Oct 29 was a momentous day for Malaysian public health, following the court’s decision to reaffirm a nationwide smoking ban in restaurants which came into force this year, after it was challenged by a group of smokers who claim their constitutional rights had been violated.
For Health Minister Dzulkefly Ahmad and other health advocates, the decision reaffirms an important point: that health is, in the Federal Constitution, an important human right.
Human rights is a difficult topic in our highly charged political climate.
Although everyone is pretty much on board with the idea of human rights as being universally inherent, inalienable and inviolable rights for all man, not many countries agree on the definition and context of these rights.
It was the French Revolution that first kicked off the concepts of liberty, equality and fraternity.
Today, these form the core of what is termed as human rights – the right to life, the right to liberty, security of individuals, freedom to assemble, freedom of association, and freedom of religion.
Expansion of these rights which emerged later includes the right to employment, housing and equal wages. Today, concepts included into human rights include group and collective rights, the right to self-determination, the right to environment and the right to development.
So when did health get added to the mix?
The UN’s Universal Declaration of Human Rights in 1948 provides that “everyone has the right to a standard of living adequate for the health and wellbeing of himself and his family including food, clothing and medical care.”
This document sees health as an essential human right, and has been so for more than seven odd decades or so.
But what do we mean when we say that health is a human right, especially in the Malaysian context?
Accepting that health is human right means that the government must ensure that all Malaysians have the right to the highest attainable standard of physical and mental health.
They must be able to access quality healthcare, available to all equitably as and when needed, as well as sanitation, adequate food, decent housing, healthy working conditions and a clean environment.
It was in the protection of the healthy environment that there occurred a clash between the alleged infringement of the smokers’ “individual” rights against the “right to health” in terms of providing a clean, healthy environment to all Malaysians.
The seven smokers challenged the ban for three reasons.
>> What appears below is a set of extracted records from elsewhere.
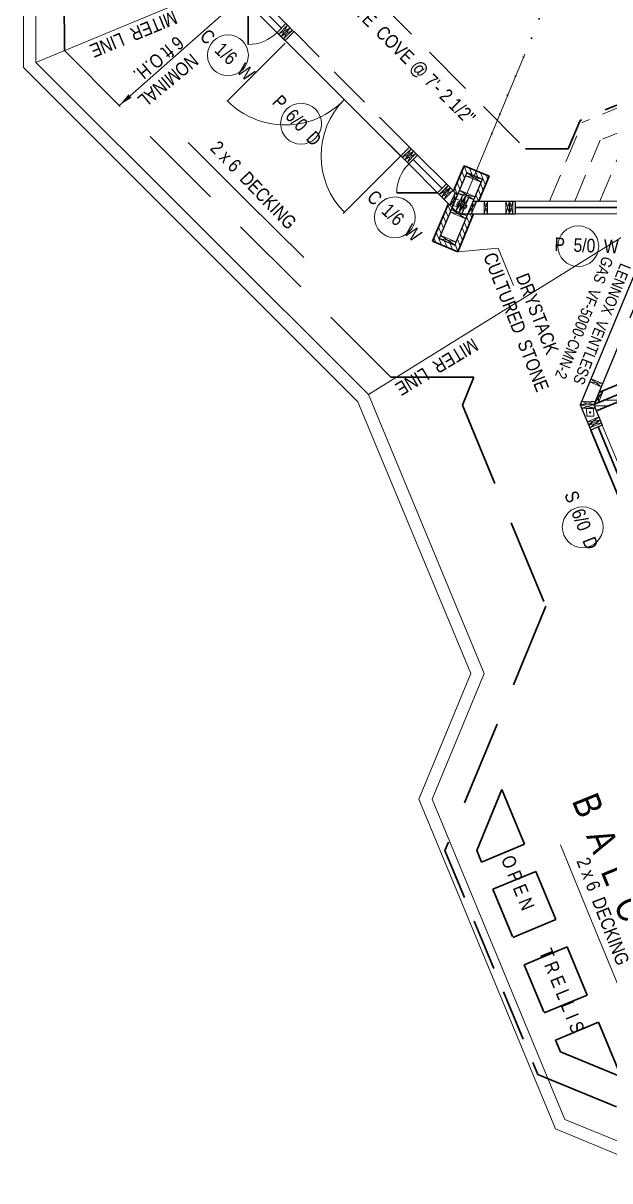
# Model space of a CAD drawing. Header units: inches. Extents: x -10188 to 9179, y -281 to 6710.
# Drawn here: x 2585 to 2844, y 1437 to 1948 of the extents above; entities that cross this region are included whole.
import ezdxf

# ---------------------------------------------------------------- set-up
doc = ezdxf.new("R2010")
doc.units = ezdxf.units.IN
doc.header["$MEASUREMENT"] = 0
for name, pattern in [('ACAD_ISO07W100', [3, 0, -3]), ('CENTER', [2, 1.25, -0.25, 0.25, -0.25]), ('HIDDEN', [0.375, 0.25, -0.125])]:
    doc.linetypes.add(name, pattern=pattern)
for name, color, linetype, lineweight in [('BALCONY', 7, 'Continuous', 9), ('DOORS', 7, 'Continuous', 30), ('FOUNDATION', 7, 'HIDDEN', 20), ('GRID', 1, 'CENTER', 20), ('INT WALLS', 7, 'Continuous', 40), ('LITE COVE', 7, 'HIDDEN', 30), ('MASONRY', 16, 'HIDDEN', 30), ('ROOF BEAMS', 3, 'HIDDEN', 30), ('ROOFLINE', 7, 'HIDDEN', 30), ('WALL FRAMING', 7, 'Continuous', 30), ('WINDOWS', 5, 'Continuous', 30)]:
    doc.layers.add(name, color=color, linetype=linetype, lineweight=lineweight)
for name, color, linetype in [('C-BLDG', 84, 'Continuous'), ('LLMASONRY', 12, 'Continuous'), ('TEXT', 250, 'Continuous'), ('WALLS', 5, 'Continuous')]:
    doc.layers.add(name, color=color, linetype=linetype)
doc.styles.add('ARCHENTLTD', font='technical.ttf', dxfattribs={"height": 0.1875})
doc.dimstyles.new('ARCHENTLTD', dxfattribs={"dimscale": 0.05, "dimtxt": 0.1875, "dimasz": 3, "dimexe": 9, "dimexo": 1, "dimgap": 2.5, "dimtad": 0, "dimdec": 1, "dimzin": 1, "dimdsep": 46, "dimlunit": 4, "dimtxsty": 'ARCHENTLTD', "dimblk": 'ARCHTICK', "dimcen": 6, "dimclrd": 256, "dimclre": 256, "dimclrt": 256, "dimaunit": 1, "dimadec": 0, "dimazin": 0, "dimtfac": 1, "dimtdec": 1, "dimtofl": 0, "dimtmove": 1, "dimatfit": 3, "dimldrblk": 'ARCHTICK', "dimfxl": 1, "dimfrac": 2, "dimtolj": 1, "dimtzin": 0, "dimlwd": 9, "dimlwe": 9, "dimarcsym": 0})
pattern_1 = [(112.521756, (-10518.2863, -1624.4925), (-1.73200154, -0.71818915), [])]

# ---------------------------------------------------------------- blocks, each defined once
blk = doc.blocks.new('_ArchTick')
at = {"color": 0, "linetype": 'ByBlock', "const_width": 0.15}
blk.add_lwpolyline([(-0.5, -0.5), (0.5, 0.5)], dxfattribs=at)

msp = doc.modelspace()

# ---------------------------------------------------------------- hatches: boundary and pattern name
at = {"layer": 'MASONRY', "lineweight": 9, "ltscale": 75}
h = msp.add_hatch(dxfattribs=at)
h.set_pattern_fill('ANSI31', color=256, scale=15, angle=337.5, style=0)
h.set_pattern_definition(pattern_1)
h.paths.add_polyline_path([(2780.53, 1881.67), (2783.95, 1880.25), (2784.81, 1882.33), (2779.33, 1884.61), (2774.68, 1873.56), (2776.39, 1871.84)])
h.paths.add_polyline_path([(2790.33, 1880.04), (2784.81, 1882.33), (2783.95, 1880.25), (2787.39, 1878.82), (2783.29, 1868.96), (2785.73, 1868.96)])
h = msp.add_hatch(dxfattribs=at)
h.set_pattern_fill('ANSI31', color=256, scale=15, angle=337.5, style=0)
h.set_pattern_definition(pattern_1)
h.paths.add_polyline_path([(2774.14, 1866.32), (2772.42, 1868.03), (2765.42, 1851.4), (2776.51, 1846.79), (2783.44, 1863.46), (2781, 1863.46), (2775.29, 1849.73), (2768.37, 1852.61)])
at = {"layer": 'WALL FRAMING', "lineweight": 9, "ltscale": 150}
for points in [[(2775.1, 1868.4, 1), (2775.1, 1869.03, 1)], [(2834.88, 1775.62, 1), (2834.88, 1776.25, 1)]]:
    msp.add_hatch(color=256, dxfattribs=at).paths.add_polyline_path(points)

# ---------------------------------------------------------------- linework, layer by layer
at = {"layer": 'BALCONY', "color": 3, "linetype": 'ByBlock', "lineweight": 20, "ltscale": 50}
for p, q in [((2584.98, 2146.49), (2585.09, 1927.93)), ((2585.09, 1927.93), (2732.5, 1780.66)), ((2732.5, 1780.66), (2782.23, 1660.84))]:
    msp.add_line(p, q, dxfattribs=at)
at = {"layer": 'BALCONY', "lineweight": 20, "ltscale": 50}
for p, q in [((2590.48, 2144.22), (2590.59, 1930.21)), ((2590.59, 1930.21), (2737.16, 1783.78)), ((2737.16, 1783.78), (2788.19, 1660.84)), ((2782.23, 1660.84), (2759.31, 1605.39)), ((2788.19, 1660.84), (2765.27, 1605.4))]:
    msp.add_line(p, q, dxfattribs=at)
at = {"layer": 'BALCONY', "lineweight": 20, "ltscale": 75}
for p, q in [((2759.31, 1605.39), (2819.57, 1460.1)), ((2765.27, 1605.4), (2823.77, 1464.31)), ((2819.57, 1460.1), (2874.94, 1437.21)), ((2823.77, 1464.31), (2879.15, 1441.42))]:
    msp.add_line(p, q, dxfattribs=at)
at = {"layer": 'C-BLDG', "color": 7, "linetype": 'Continuous', "lineweight": 20, "ltscale": 25}
for centre, start, end in [((2684.19, 1956.14), 270.006, 315.006), ((2767.64, 1872.71), 135.006, 180.006)]:
    msp.add_arc(centre, 18, start, end, dxfattribs=at)
at = {"layer": 'DOORS', "lineweight": 20, "ltscale": 75}
msp.add_line((2751.37, 1888.97), (2700.47, 1939.9), dxfattribs=at)
at = {"layer": 'DOORS', "ltscale": 75}
for p, q in [((2700.47, 1938.73), (2674.97, 1913.21)), ((2835.13, 1768.16), (2848.93, 1734.91))]:
    msp.add_line(p, q, dxfattribs=at)
at = {"layer": 'DOORS', "color": 5, "lineweight": 30, "ltscale": 75}
msp.add_line((2838.39, 1769.52), (2852.17, 1736.28), dxfattribs=at)
at = {"layer": 'DOORS', "color": 4, "lineweight": 20, "ltscale": 75}
msp.add_line((2840.21, 1770.27), (2867.79, 1703.77), dxfattribs=at)
at = {"layer": 'DOORS', "color": 7, "linetype": 'Continuous', "lineweight": 20, "ltscale": 7.5}
for centre in [(2675.25, 1933.35), (2707.46, 1903.19), (2748.79, 1861.91), (2829.64, 1849.23), (2831.6, 1725.34)]:
    msp.add_circle(centre, 9, dxfattribs=at)
at = {"layer": 'DOORS', "lineweight": 9, "ltscale": 75}
for centre, radius, start, end in [((2700.47, 1938.73), 36.07, 225.028, 316.3572), ((2751.41, 1889.01), 35.12, 135.028, 225.028)]:
    msp.add_arc(centre, radius, start, end, dxfattribs=at)
at = {"layer": 'FOUNDATION', "color": 7, "linetype": 'Continuous', "lineweight": 9, "ltscale": 25}
for p, q in [((2590.59, 1930.21), (2660.67, 1959.29)), ((2737.16, 1783.78), (2865.38, 1863.55))]:
    msp.add_line(p, q, dxfattribs=at)
msp.add_solid([(2632.7, 1914.63), (2627.51, 1911.46), (2631.4, 1916.14)], dxfattribs=at)
at = {"layer": 'GRID', "color": 2, "lineweight": 9, "ltscale": 75}
msp.add_line((2920.77, 2211.12), (2776.88, 1863.43), dxfattribs=at)
at = {"layer": 'GRID', "ltscale": 50}
for p, q in [((2675.07, 1965.26), (2776.89, 1863.53)), ((2867.21, 1867.97), (2830.53, 1779.25)), ((2830.53, 1779.25), (2867.33, 1690.58))]:
    msp.add_line(p, q, dxfattribs=at)
at = {"layer": 'GRID', "linetype": 'Continuous', "ltscale": 50}
msp.add_line((2776.89, 1863.53), (2920.94, 1863.55), dxfattribs=at)
at = {"layer": 'INT WALLS', "linetype": 'Continuous', "lineweight": 20, "ltscale": 150}
for p, q in [((2834.72, 1789.37), (2839.8, 1787.27)), ((2835.29, 1790.76), (2840.37, 1788.66))]:
    msp.add_line(p, q, dxfattribs=at)
at = {"layer": 'INT WALLS', "lineweight": 9, "ltscale": 150}
for p, q in [((2834.72, 1789.37), (2840.37, 1788.66)), ((2835.29, 1790.76), (2839.8, 1787.27))]:
    msp.add_line(p, q, dxfattribs=at)
at = {"layer": 'LITE COVE', "color": 7, "linetype": 'ACAD_ISO07W100', "lineweight": 30, "ltscale": 3}
msp.add_line((2833.33, 1999.84), (2784.7, 1882.38), dxfattribs=at)
at = {"layer": 'LITE COVE', "ltscale": 90}
for p, q in [((2716.53, 1982.66), (2806.4, 1892.09)), ((2955.84, 1956.73), (2830.45, 1904.69)), ((2830.45, 1904.69), (2825.24, 1892.09)), ((2825.24, 1892.09), (2806.4, 1892.09))]:
    msp.add_line(p, q, dxfattribs=at)
at = {"layer": 'LITE COVE', "color": 7, "linetype": 'ACAD_ISO07W100', "lineweight": 30, "ltscale": 2.5}
msp.add_line((2931.45, 1779.26), (2836.53, 1779.14), dxfattribs=at)
at = {"layer": 'MASONRY', "linetype": 'Continuous', "lineweight": 30, "ltscale": 1.5}
for p, q in [((2779.33, 1884.61), (2774.68, 1873.56)), ((2779.33, 1884.61), (2790.33, 1880.04)), ((2772.42, 1868.03), (2765.42, 1851.4)), ((2776.51, 1846.79), (2783.44, 1863.46)), ((2765.42, 1851.4), (2776.51, 1846.79))]:
    msp.add_line(p, q, dxfattribs=at)
at = {"layer": 'MASONRY', "linetype": 'Continuous', "ltscale": 1.5}
msp.add_line((2785.73, 1868.96), (2790.33, 1880.04), dxfattribs=at)
at = {"layer": 'MASONRY', "linetype": 'Continuous', "lineweight": 30, "ltscale": 50}
msp.add_line((2859.11, 1785.56), (2837.72, 1776.68), dxfattribs=at)
at = {"layer": 'MASONRY', "lineweight": 9, "ltscale": 150}
for p, q in [((2841.44, 1781.38), (2849.27, 1781.38)), ((2836.64, 1778.88), (2843.24, 1778.88))]:
    msp.add_line(p, q, dxfattribs=at)
at = {"layer": 'ROOF BEAMS', "lineweight": 20, "ltscale": 75}
msp.add_line((2755.26, 1892.86), (2704.36, 1943.79), dxfattribs=at)
at = {"layer": 'ROOFLINE', "linetype": 'HIDDEN', "ltscale": 150}
for p, q in [((2603.03, 2139.03), (2603.13, 1935.42)), ((2747.06, 1791.45), (2603.17, 1935.44)), ((2747.05, 1791.45), (2783.64, 1791.47)), ((2783.64, 1791.47), (2778.57, 1779.2)), ((2778.57, 1779.2), (2815.37, 1690.53)), ((2815.37, 1690.53), (2770.85, 1582.83)), ((2796.02, 1609.68), (2784.92, 1582.83)), ((2796.02, 1609.68), (2805.99, 1585.62)), ((2810.97, 1573.61), (2819.78, 1552.37)), ((2824.72, 1540.34), (2833.57, 1519.11)), ((2838.55, 1507.11), (2848.54, 1483.03)), ((2821.76, 1494.06), (2848.54, 1483.03)), ((2811.83, 1484.09), (2919.46, 1439.73))]:
    msp.add_line(p, q, dxfattribs=at)
at = {"layer": 'ROOFLINE', "color": 7, "linetype": 'HIDDEN', "lineweight": 5, "ltscale": 50}
for p, q in [((2955.84, 1955.23), (2831.4, 1903.74)), ((2955.84, 1944.14), (2839.25, 1895.9)), ((2817.01, 1869.02), (2831.41, 1903.73)), ((2828.11, 1869.03), (2839.25, 1895.9)), ((2839.21, 1869.03), (2847.1, 1888.06))]:
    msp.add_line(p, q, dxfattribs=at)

Among them, they claimed the minister had exceeded his ministerial powers allotted to the role in declaring the ban.
They also said that their rights under Article 5 and 8 of the Federal Constitution were breached.
According to Article 5, no person may be deprived of life or personal liberty except in accordance with law, while Article 8 states that all persons are equal before the law and entitled to equal protection.
By prohibiting their right to smoke in restaurants, the smokers felt that these individual rights were being denied them and that they were being discriminated against.
Weighing against this was the Ministry of Health’s scientific rationale that smoking in public places constituted a greater danger to a larger part of the population, and that by instituting the ban, the greater public’s right to health was being protected.
How important are the rights of the individual then?
In health at least, our constitution is crystal clear. The drafters in their spirit and intent were strongly in favour of the greater good, i.e. public health far above the rights of any individual.
Take, for example, Article 9 where even the freedom of movement, one of the most basic rights, can be restricted by the government in the interest of public health.
Similarly, another fundamental right, the right to religious freedom, is assured under Article 11. Even this right cannot be exercised by ignoring public health. Did you know this?
This was the spirit alluded to by Justice Mariana Yahya in dismissing the application of the smokers.
Contrary to what the smokers alleged, she said their rights were not compromised as they could still smoke outside the three-metre stipulated radius from the restaurants and that there was no discrimination discernible between smokers and non-smokers in this regard.
The judge also mentioned that smokers and non-smokers had equal rights in terms of visiting and spending their time in food premises for as long as they wished. This was an important point, and one which most smokers choose to conveniently overlook.
The majority of Malaysians are not smokers. We have an equal amount of “rights” as do smokers.
The court has clearly spoken. The right to health for all Malaysians, including smokers, is the most important thing and is the law of the land.
In health especially, some rights are wrong.
The views expressed are those of the author and do not necessarily reflect those of FMT.